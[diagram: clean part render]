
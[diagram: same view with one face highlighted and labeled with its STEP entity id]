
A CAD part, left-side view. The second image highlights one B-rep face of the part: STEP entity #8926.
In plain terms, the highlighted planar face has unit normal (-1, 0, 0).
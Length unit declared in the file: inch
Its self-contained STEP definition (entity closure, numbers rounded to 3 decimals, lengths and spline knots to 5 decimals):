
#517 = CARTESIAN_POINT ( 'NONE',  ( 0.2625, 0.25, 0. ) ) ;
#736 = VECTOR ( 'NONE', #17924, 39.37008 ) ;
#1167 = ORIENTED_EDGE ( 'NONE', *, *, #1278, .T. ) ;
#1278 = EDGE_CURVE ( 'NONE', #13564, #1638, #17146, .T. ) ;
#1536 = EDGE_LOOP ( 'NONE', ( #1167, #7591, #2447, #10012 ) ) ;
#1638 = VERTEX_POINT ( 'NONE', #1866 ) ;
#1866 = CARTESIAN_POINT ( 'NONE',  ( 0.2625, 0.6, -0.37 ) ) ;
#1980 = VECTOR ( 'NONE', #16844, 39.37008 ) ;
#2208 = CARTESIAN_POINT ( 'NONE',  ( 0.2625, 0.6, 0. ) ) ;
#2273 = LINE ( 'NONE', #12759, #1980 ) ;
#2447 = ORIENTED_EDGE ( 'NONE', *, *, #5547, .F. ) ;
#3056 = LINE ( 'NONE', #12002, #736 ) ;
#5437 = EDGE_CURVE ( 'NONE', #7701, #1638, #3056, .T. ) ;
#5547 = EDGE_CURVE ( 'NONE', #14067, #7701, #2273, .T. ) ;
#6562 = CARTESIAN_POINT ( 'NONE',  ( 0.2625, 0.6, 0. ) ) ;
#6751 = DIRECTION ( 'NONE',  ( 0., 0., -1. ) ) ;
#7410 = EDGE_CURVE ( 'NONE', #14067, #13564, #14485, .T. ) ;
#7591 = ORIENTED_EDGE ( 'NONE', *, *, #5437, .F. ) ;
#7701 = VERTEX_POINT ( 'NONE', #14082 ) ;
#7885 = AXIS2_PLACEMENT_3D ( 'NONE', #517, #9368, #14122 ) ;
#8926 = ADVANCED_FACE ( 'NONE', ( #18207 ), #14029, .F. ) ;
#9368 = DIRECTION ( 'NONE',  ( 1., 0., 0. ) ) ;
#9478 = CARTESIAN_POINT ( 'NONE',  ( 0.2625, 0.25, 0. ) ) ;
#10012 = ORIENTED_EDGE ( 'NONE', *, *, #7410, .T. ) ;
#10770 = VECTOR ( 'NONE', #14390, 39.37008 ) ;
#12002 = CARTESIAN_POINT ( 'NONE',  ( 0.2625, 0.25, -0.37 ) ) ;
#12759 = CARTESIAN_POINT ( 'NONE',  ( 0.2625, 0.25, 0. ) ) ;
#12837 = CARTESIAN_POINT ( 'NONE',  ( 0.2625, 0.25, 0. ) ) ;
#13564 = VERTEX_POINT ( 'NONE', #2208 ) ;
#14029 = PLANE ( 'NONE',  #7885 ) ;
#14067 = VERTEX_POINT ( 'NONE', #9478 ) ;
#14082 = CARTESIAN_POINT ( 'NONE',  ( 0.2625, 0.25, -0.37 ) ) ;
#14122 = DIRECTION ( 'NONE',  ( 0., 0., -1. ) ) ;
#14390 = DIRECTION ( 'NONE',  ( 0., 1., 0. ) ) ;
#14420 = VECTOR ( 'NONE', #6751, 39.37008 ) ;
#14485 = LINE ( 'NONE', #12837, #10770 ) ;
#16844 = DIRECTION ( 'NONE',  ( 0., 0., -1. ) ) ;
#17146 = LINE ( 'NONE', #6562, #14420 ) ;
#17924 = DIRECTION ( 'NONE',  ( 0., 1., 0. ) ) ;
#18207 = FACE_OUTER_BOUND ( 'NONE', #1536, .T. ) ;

####################

What the exercise asks -> Retype, exactly and in full, the listing from its first line to the one holding "#736 = VECTOR ( 'NONE', #17924, 39.37008 ) ;", both included.

Output of the exercise ->
[diagram: clean part render]
[diagram: same view with one face highlighted and labeled with its STEP entity id]
A CAD part, left-side view. The second image highlights one B-rep face of the part: STEP entity #8926.
In plain terms, the highlighted planar face has unit normal (-1, 0, 0).
Length unit declared in the file: inch
Its self-contained STEP definition (entity closure, numbers rounded to 3 decimals, lengths and spline knots to 5 decimals):
#517 = CARTESIAN_POINT ( 'NONE',  ( 0.2625, 0.25, 0. ) ) ;
#736 = VECTOR ( 'NONE', #17924, 39.37008 ) ;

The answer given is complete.